Pieces of Thekla by Erica Ko

Jewelry company honors the artist’s grandmother, Thekla, a World War II survivor, a teacher, a mother, and a person who was living with dementia
Pieces of Thekla is a jewelry collection inspired by the artist’s charismatic, opinionated grandmother, Thekla, who was a person living with dementia.

What is Pieces of Thekla and how did it come about?

Pieces of Thekla is a small-batch jewelry company named after my charismatic and always-opinionated grandmother, Thekla. You won’t find her on Wikipedia, but she’s a World War II survivor, mother of 4, activist, teacher, grandmother, and great-grandmother. While growing up, her boundless creativity and fearless nature fueled my creative fire.

Naturally, her energy spilled out into everything she touched. My grandparent’s house was the most magical place for me as a kid. They lived in a unique house in the woods for over 55 years. Grandma Thekla eventually dressed the entire house in her experiments of handmade art, ceramics, jewelry, clothing designs, and quilts. The house had a uniquely powerful presence I have never felt anywhere else. It was enough of a core memory for me to apply for architecture school and later craft spaces that had semblances of her and my grandfather’s house.

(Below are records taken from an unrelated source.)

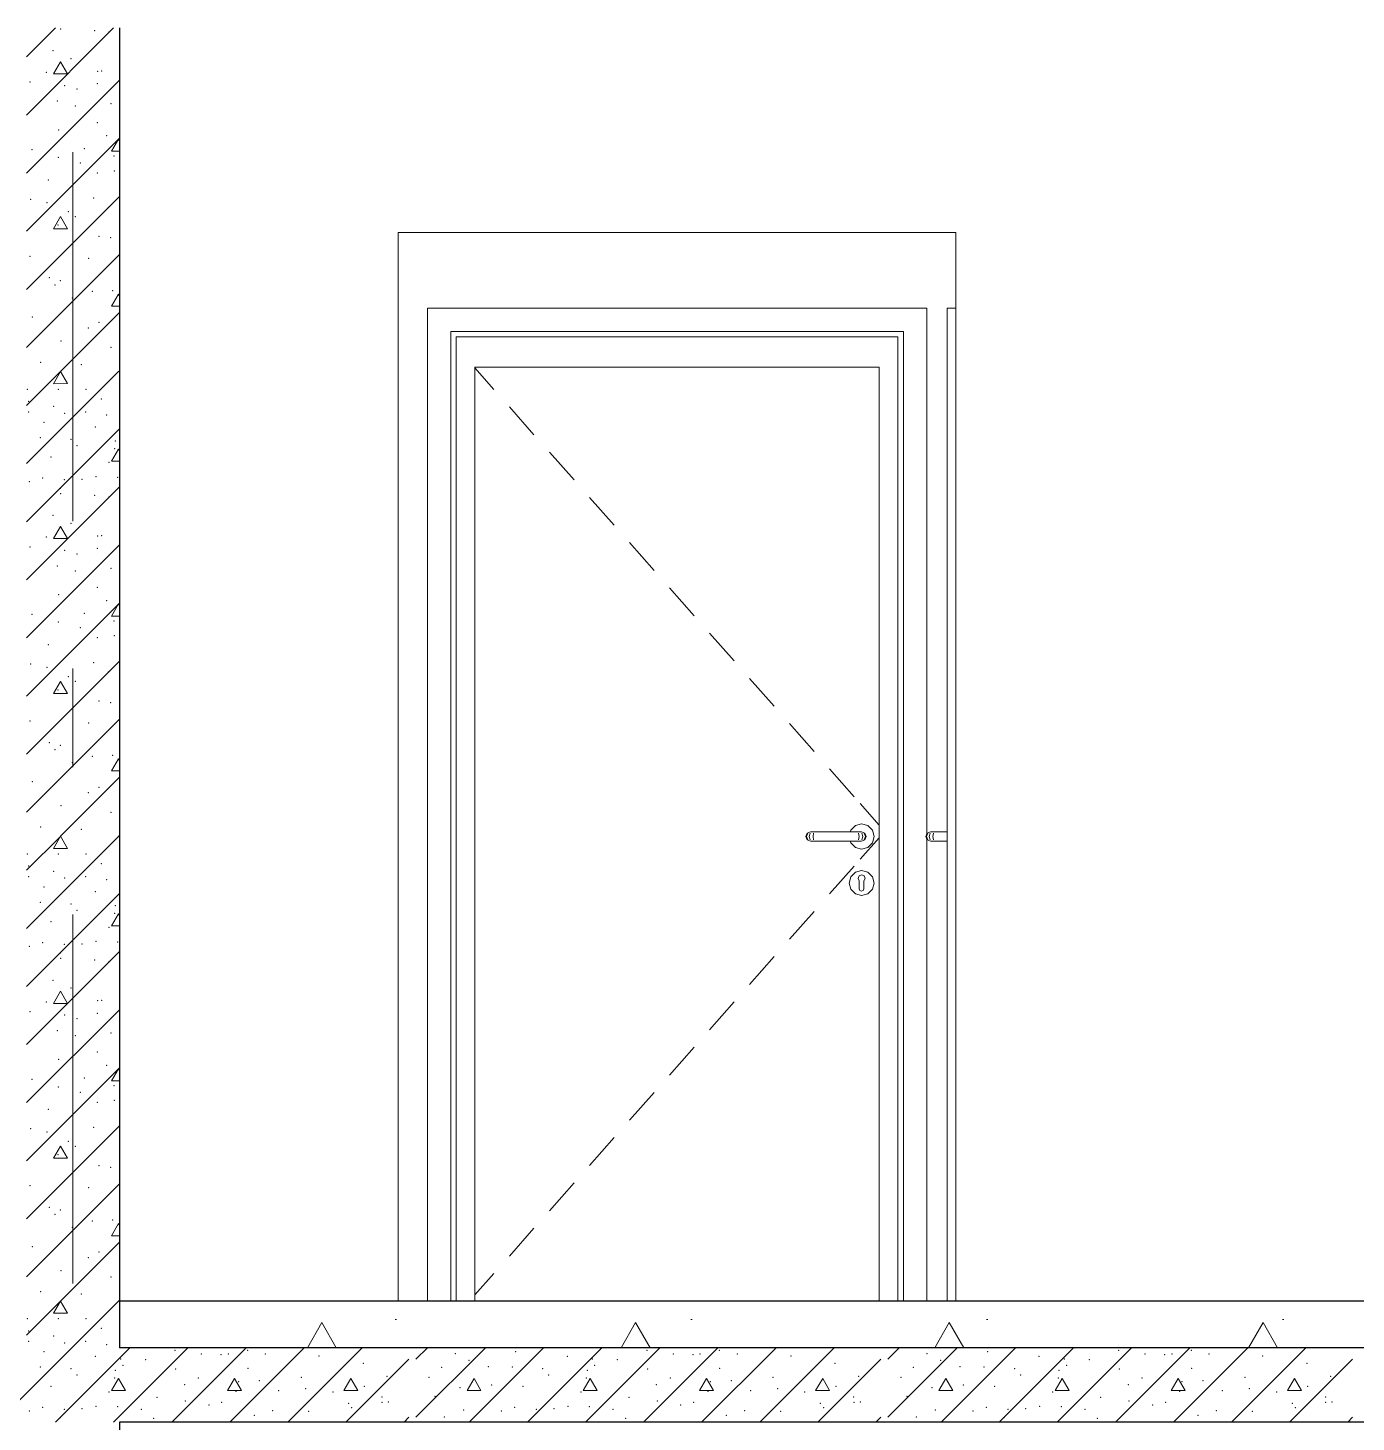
# Model space of a CAD drawing. Header units: millimetres. Extents: x 18162 to 7085488, y 72188 to 247925.
# Drawn here: x 4250516 to 4253374, y 131493 to 134493 of the extents above; entities that cross this region are included whole.
import ezdxf
from ezdxf.enums import TextEntityAlignment as Align

# ---------------------------------------------------------------- set-up
doc = ezdxf.new("R2010")
doc.units = ezdxf.units.MM
doc.header["$MEASUREMENT"] = 0
doc.linetypes.add('Double Dashed', pattern=[1093.611073, 529.166651, -211.666656, 141.111112, -211.666656])
for name, color, linetype in [('Archicad Doors', 7, 'Continuous'), ('Structural - Bearing', 7, 'Continuous'), ('Structural - Grid', 7, 'Continuous')]:
    doc.layers.add(name, color=color, linetype=linetype)
doc.styles.add('GENERATED_STYLE_3', font='', dxfattribs={"width": 0.8})
doc.styles.get('GENERATED_STYLE_3').set_extended_font_data('ISOCPEUR MON')

# ---------------------------------------------------------------- blocks, each defined once
blk = doc.blocks.new('*X1372', base_point=(4294986.6, 104752.7))
at = {"layer": 'Structural - Bearing', "color": 7, "linetype": 'Continuous', "lineweight": 9}
for p, q in [((4250513.1, 134305.1), (4250700.7, 134492.7)), ((4250513.1, 134430.1), (4250575.7, 134492.7)), ((4250586.2, 134419.9), (4250571.3, 134393.8)), ((4250601.3, 134393.9), (4250586.2, 134419.9)), ((4250513.1, 134180.1), (4250713.1, 134380.1)), ((4250571.3, 134393.8), (4250601.3, 134393.9)), ((4250513.1, 134055.1), (4250713.1, 134255.1)), ((4250696, 134227.2), (4250711.2, 134253.2)), ((4250711.2, 134253.2), (4250713.1, 134249.8)), ((4250713.1, 134227.2), (4250696, 134227.2)), ((4250513.1, 133930.1), (4250713.1, 134130.1)), ((4250586.2, 134086.5), (4250571.3, 134060.5)), ((4250601.3, 134060.5), (4250586.2, 134086.5)), ((4250571.3, 134060.5), (4250601.3, 134060.5)), ((4250513.1, 133805.1), (4250713.1, 134005.1)), ((4250696, 133893.9), (4250711.2, 133919.9)), ((4250713.1, 133893.8), (4250696, 133893.9)), ((4250711.2, 133919.9), (4250713.1, 133916.5)), ((4250586.2, 133753.2), (4250713.1, 133880.1)), ((4250513.1, 133555.1), (4250711.2, 133753.2)), ((4250513.1, 133680.1), (4250586.2, 133753.2)), ((4250586.2, 133753.2), (4250571.3, 133727.1)), ((4250601.3, 133727.2), (4250586.2, 133753.2)), ((4250711.2, 133753.2), (4250713.1, 133755.1)), ((4250571.3, 133727.1), (4250601.3, 133727.2)), ((4250513.1, 133430.1), (4250713.1, 133630.1)), ((4250696, 133560.5), (4250711.2, 133586.5)), ((4250713.1, 133560.5), (4250696, 133560.5)), ((4250711.2, 133586.5), (4250713.1, 133583.1)), ((4250513.1, 133305.1), (4250713.1, 133505.1)), ((4250586.2, 133419.8), (4250571.3, 133393.8)), ((4250601.3, 133393.8), (4250586.2, 133419.8)), ((4250513.1, 133180.1), (4250713.1, 133380.1)), ((4250571.3, 133393.8), (4250601.3, 133393.8)), ((4250513.1, 133055.1), (4250713.1, 133255.1)), ((4250696, 133227.2), (4250711.2, 133253.2)), ((4250711.2, 133253.2), (4250713.1, 133249.8)), ((4250713.1, 133227.2), (4250696, 133227.2)), ((4250513.1, 132930.1), (4250713.1, 133130.1)), ((4250586.2, 133086.5), (4250571.3, 133060.5)), ((4250601.3, 133060.5), (4250586.2, 133086.5)), ((4250571.3, 133060.5), (4250601.3, 133060.5)), ((4250513.1, 132805.1), (4250713.1, 133005.1)), ((4250696, 132893.8), (4250711.2, 132919.8)), ((4250711.2, 132919.8), (4250713.1, 132916.5)), ((4250586.2, 132753.2), (4250713.1, 132880.1)), ((4250713.1, 132893.8), (4250696, 132893.8)), ((4250513.1, 132555.1), (4250711.2, 132753.1)), ((4250513.1, 132680.1), (4250586.2, 132753.1)), ((4250586.2, 132753.2), (4250571.3, 132727.1)), ((4250601.3, 132727.2), (4250586.2, 132753.2)), ((4250711.2, 132753.2), (4250713.1, 132755.1)), ((4250571.3, 132727.1), (4250601.3, 132727.2)), ((4250513.1, 132430.1), (4250713.1, 132630.1)), ((4250696, 132560.5), (4250711.2, 132586.5)), ((4250711.2, 132586.5), (4250713.1, 132583.1)), ((4250713.1, 132560.5), (4250696, 132560.5)), ((4250513.1, 132305.1), (4250713.1, 132505.1)), ((4250586.2, 132419.8), (4250571.3, 132393.8)), ((4250571.3, 132393.8), (4250601.3, 132393.8)), ((4250601.3, 132393.8), (4250586.2, 132419.8)), ((4250513.1, 132180.1), (4250713.1, 132380.1)), ((4250513.1, 132055.1), (4250713.1, 132255.1)), ((4250696, 132227.2), (4250711.2, 132253.2)), ((4250711.2, 132253.2), (4250713.1, 132249.8)), ((4250713.1, 132227.1), (4250696, 132227.2)), ((4250513.1, 131930.1), (4250713.1, 132130.1)), ((4250586.2, 132086.5), (4250571.3, 132060.5)), ((4250571.3, 132060.5), (4250601.3, 132060.5)), ((4250601.3, 132060.5), (4250586.2, 132086.5)), ((4250513.1, 131805.1), (4250713.1, 132005.1)), ((4250696, 131893.8), (4250711.2, 131919.8)), ((4250711.2, 131919.8), (4250713.1, 131916.5)), ((4250586.2, 131753.1), (4250713.1, 131880.1)), ((4250713.1, 131893.8), (4250696, 131893.8)), ((4250513.1, 131680.1), (4250586.2, 131753.1)), ((4250586.2, 131753.1), (4250571.3, 131727.1)), ((4250601.3, 131727.1), (4250586.2, 131753.1)), ((4250610.7, 131652.7), (4250711.2, 131753.1)), ((4250711.2, 131753.1), (4250713.1, 131755.1)), ((4250571.3, 131727.1), (4250601.3, 131727.1))]:
    blk.add_line(p, q, dxfattribs=at)
for p in [(4250586.6, 134490.6), (4250659.8, 134487), (4250690.9, 134483.5), (4250570.1, 134443.5), (4250608.9, 134426.6), (4250675.4, 134400), (4250520.9, 134376), (4250556.1, 134397), (4250665.5, 134372.5), (4250666.4, 134399.2), (4250595.7, 134368.4), (4250621.9, 134360.9), (4250579.6, 134335.1), (4250618.4, 134324.4), (4250695.1, 134330), (4250665.6, 134289), (4250582.7, 134273.3), (4250686.1, 134260.5), (4250525.5, 134230.6), (4250638.1, 134233.1), (4250581.8, 134214.1), (4250629.1, 134202.2), (4250701.6, 134216.7), (4250560.4, 134165.6), (4250665.6, 134180.6), (4250702.1, 134184.9), (4250522.6, 134124), (4250557.5, 134116.8), (4250658.1, 134127), (4250689.3, 134106.4), (4250603.4, 134096.9), (4250618.1, 134086.4), (4250581.3, 134068.4), (4250669.3, 134044.5), (4250694.6, 134041.1), (4250520.7, 134001.4), (4250647.4, 133997.1), (4250562.6, 133955), (4250575, 133939.5), (4250585.8, 133948.8), (4250655.3, 133925.6), (4250698.9, 133927.4), (4250612.1, 133911.7), (4250526.1, 133870.5), (4250646.1, 133846.8), (4250669.4, 133858.9), (4250587.3, 133819), (4250695.5, 133805.1), (4250544.1, 133773.4), (4250631.6, 133768.2), (4250514.9, 133715), (4250581.8, 133715), (4250641.1, 133715), (4250517.8, 133689), (4250674.6, 133694.4), (4250518.3, 133666.4), (4250572, 133678.1), (4250595.7, 133663.2), (4250640.6, 133666.4), (4250686.1, 133659.7), (4250550.9, 133644.2), (4250661.7, 133633.9), (4250543.3, 133611.3), (4250608.9, 133607.5), (4250621.9, 133594), (4250704.8, 133604), (4250566.4, 133569.5), (4250702.9, 133587.5), (4250690.9, 133557.6), (4250519.6, 133516.4), (4250548.4, 133524.4), (4250585.8, 133502), (4250595.1, 133520.5), (4250632.9, 133521.5), (4250663, 133527), (4250709.3, 133525.7), (4250586.6, 133490.6), (4250659.8, 133487), (4250690.9, 133483.4), (4250570.1, 133443.5), (4250608.9, 133426.6), (4250556.1, 133397), (4250666.4, 133399.2), (4250675.4, 133400), (4250520.9, 133376), (4250595.7, 133368.4), (4250621.9, 133360.9), (4250665.5, 133372.5), (4250579.6, 133335.1), (4250618.4, 133324.4), (4250695.1, 133329.9), (4250582.7, 133273.3), (4250665.6, 133289), (4250686.1, 133260.5), (4250525.5, 133230.6), (4250638.1, 133233.1), (4250581.8, 133214.1), (4250629.1, 133202.2), (4250701.6, 133216.7), (4250665.6, 133180.6), (4250702.1, 133184.9), (4250560.4, 133165.6), (4250522.6, 133124), (4250557.5, 133116.8), (4250658.1, 133127), (4250603.4, 133096.9), (4250618.1, 133086.4), (4250689.3, 133106.4), (4250581.3, 133068.3), (4250669.3, 133044.5), (4250694.6, 133041.1), (4250520.7, 133001.4), (4250647.4, 132997.1), (4250562.6, 132955), (4250575, 132939.5), (4250585.8, 132948.8), (4250612.1, 132911.7), (4250655.3, 132925.6), (4250698.9, 132927.3), (4250526.1, 132870.5), (4250646.1, 132846.8), (4250669.4, 132858.9), (4250587.3, 132819), (4250695.5, 132805.1), (4250544.1, 132773.3), (4250631.6, 132768.2), (4250514.9, 132715), (4250581.8, 132715), (4250641.1, 132715), (4250674.6, 132694.4), (4250517.8, 132689), (4250518.3, 132666.4), (4250572, 132678.1), (4250595.7, 132663.2), (4250640.6, 132666.4), (4250550.9, 132644.2), (4250661.7, 132633.9), (4250686.1, 132659.6), (4250543.3, 132611.3), (4250608.9, 132607.5), (4250704.8, 132604), (4250621.9, 132594), (4250702.9, 132587.5), (4250566.4, 132569.5), (4250690.9, 132557.6), (4250519.6, 132516.4), (4250548.4, 132524.4), (4250595.1, 132520.5), (4250632.9, 132521.5), (4250663, 132527), (4250709.3, 132525.7), (4250585.8, 132502), (4250586.6, 132490.6), (4250659.8, 132486.9), (4250690.9, 132483.4), (4250570.1, 132443.5), (4250608.9, 132426.6), (4250556.1, 132396.9), (4250666.4, 132399.2), (4250675.4, 132400), (4250520.9, 132376), (4250595.7, 132368.4), (4250621.9, 132360.9), (4250665.5, 132372.5), (4250579.6, 132335.1), (4250618.4, 132324.4), (4250695.1, 132329.9), (4250582.7, 132273.3), (4250665.6, 132289), (4250686.1, 132260.4), (4250525.5, 132230.6), (4250581.8, 132214.1), (4250638.1, 132233), (4250701.6, 132216.7), (4250629.1, 132202.2), (4250665.6, 132180.6), (4250702.1, 132184.9), (4250560.4, 132165.6), (4250522.6, 132123.9), (4250658.1, 132126.9), (4250557.5, 132116.8), (4250603.4, 132096.9), (4250689.3, 132106.4), (4250581.3, 132068.3), (4250618.1, 132086.4), (4250669.3, 132044.5), (4250694.6, 132041.1), (4250520.7, 132001.4), (4250647.4, 131997.1), (4250562.6, 131954.9), (4250585.8, 131948.8), (4250575, 131939.5), (4250612.1, 131911.7), (4250655.3, 131925.6), (4250698.9, 131927.3), (4250526.1, 131870.5), (4250669.4, 131858.9), (4250646.1, 131846.8), (4250587.3, 131818.9), (4250695.5, 131805), (4250544.1, 131773.3), (4250631.6, 131768.2), (4250514.9, 131715), (4250581.8, 131715), (4250641.1, 131715), (4250517.8, 131688.9), (4250572, 131678.1), (4250674.6, 131694.4), (4250518.3, 131666.4), (4250595.7, 131663.2), (4250640.6, 131666.4), (4250686.1, 131659.6)]:
    blk.add_point(p, dxfattribs=at)
blk = doc.blocks.new('*X1374', base_point=(4294986.6, 104752.7))
at = {"layer": 'Structural - Bearing', "color": 7, "linetype": 'Continuous', "lineweight": 9}
for p, q in [((4250450.7, 131492.7), (4250610.7, 131652.7)), ((4250575.7, 131492.7), (4250735.7, 131652.7)), ((4250700.7, 131492.7), (4250860.7, 131652.7)), ((4250825.7, 131492.7), (4250985.7, 131652.7)), ((4250950.7, 131492.7), (4251110.7, 131652.7)), ((4251075.7, 131492.7), (4251235.7, 131652.7)), ((4251351.3, 131628.1), (4251375.9, 131652.7)), ((4251351.3, 131503.1), (4251500.9, 131652.7)), ((4251465.9, 131492.7), (4251625.9, 131652.7)), ((4251590.9, 131492.7), (4251750.9, 131652.7)), ((4251715.9, 131492.7), (4251875.9, 131652.7)), ((4251840.9, 131492.7), (4252000.9, 131652.7)), ((4251965.9, 131492.7), (4252125.9, 131652.7)), ((4252090.9, 131492.7), (4252250.9, 131652.7)), ((4252366.4, 131628.1), (4252391, 131652.7)), ((4252366.4, 131503.1), (4252516, 131652.7)), ((4252481, 131492.7), (4252641, 131652.7)), ((4252606, 131492.7), (4252766, 131652.7)), ((4252731, 131492.7), (4252891, 131652.7)), ((4252856, 131492.7), (4253016, 131652.7)), ((4252981, 131492.7), (4253141, 131652.7)), ((4253106, 131492.7), (4253266, 131652.7)), ((4251200.7, 131492.7), (4251336.2, 131628.1)), ((4252215.9, 131492.7), (4252351.3, 131628.1)), ((4253231, 131492.7), (4253366.4, 131628.1)), ((4250696, 131560.5), (4250711.2, 131586.5)), ((4250711.2, 131586.5), (4250726.1, 131560.4)), ((4250946, 131560.5), (4250961.2, 131586.5)), ((4250961.2, 131586.5), (4250976.1, 131560.4)), ((4251196, 131560.5), (4251211.2, 131586.5)), ((4251211.2, 131586.5), (4251226.1, 131560.4)), ((4251461.2, 131560.5), (4251476.3, 131586.5)), ((4251476.3, 131586.5), (4251491.2, 131560.4)), ((4251711.2, 131560.5), (4251726.3, 131586.5)), ((4251726.3, 131586.5), (4251741.2, 131560.4)), ((4251961.2, 131560.5), (4251976.3, 131586.5)), ((4251976.3, 131586.5), (4251991.2, 131560.4)), ((4252211.2, 131560.5), (4252226.3, 131586.5)), ((4252226.3, 131586.5), (4252241.2, 131560.4)), ((4252476.3, 131560.5), (4252491.4, 131586.5)), ((4252491.4, 131586.5), (4252506.3, 131560.4)), ((4252726.3, 131560.5), (4252741.4, 131586.5)), ((4252741.4, 131586.5), (4252756.3, 131560.4)), ((4252976.3, 131560.5), (4252991.4, 131586.5)), ((4252991.4, 131586.5), (4253006.3, 131560.4)), ((4253226.3, 131560.5), (4253241.4, 131586.5)), ((4253241.4, 131586.5), (4253256.3, 131560.4)), ((4250726.1, 131560.4), (4250696, 131560.5)), ((4250976.1, 131560.4), (4250946, 131560.5)), ((4251226.1, 131560.4), (4251196, 131560.5)), ((4251491.2, 131560.4), (4251461.2, 131560.5)), ((4251741.2, 131560.4), (4251711.2, 131560.5)), ((4251991.2, 131560.4), (4251961.2, 131560.5)), ((4252241.2, 131560.4), (4252211.2, 131560.5)), ((4252506.3, 131560.4), (4252476.3, 131560.5)), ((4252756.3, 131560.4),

I was gifted a chunk of her handmade, self-designed jewelry and loose beads. I didn’t know what to do with them for a long time. As time progressed, parts of my life shifted, and something critical clicked into place for me and helped me make sense of what to do next with my perhaps insignificant life. In the grand scheme of things, neither she nor I matter. The world will continue to revolve without us. Still, I would like to use my energy to continue to carve and make space for multiracial creatives like me and raise dementia awareness.

Who initially inspired you to grapple with dementia?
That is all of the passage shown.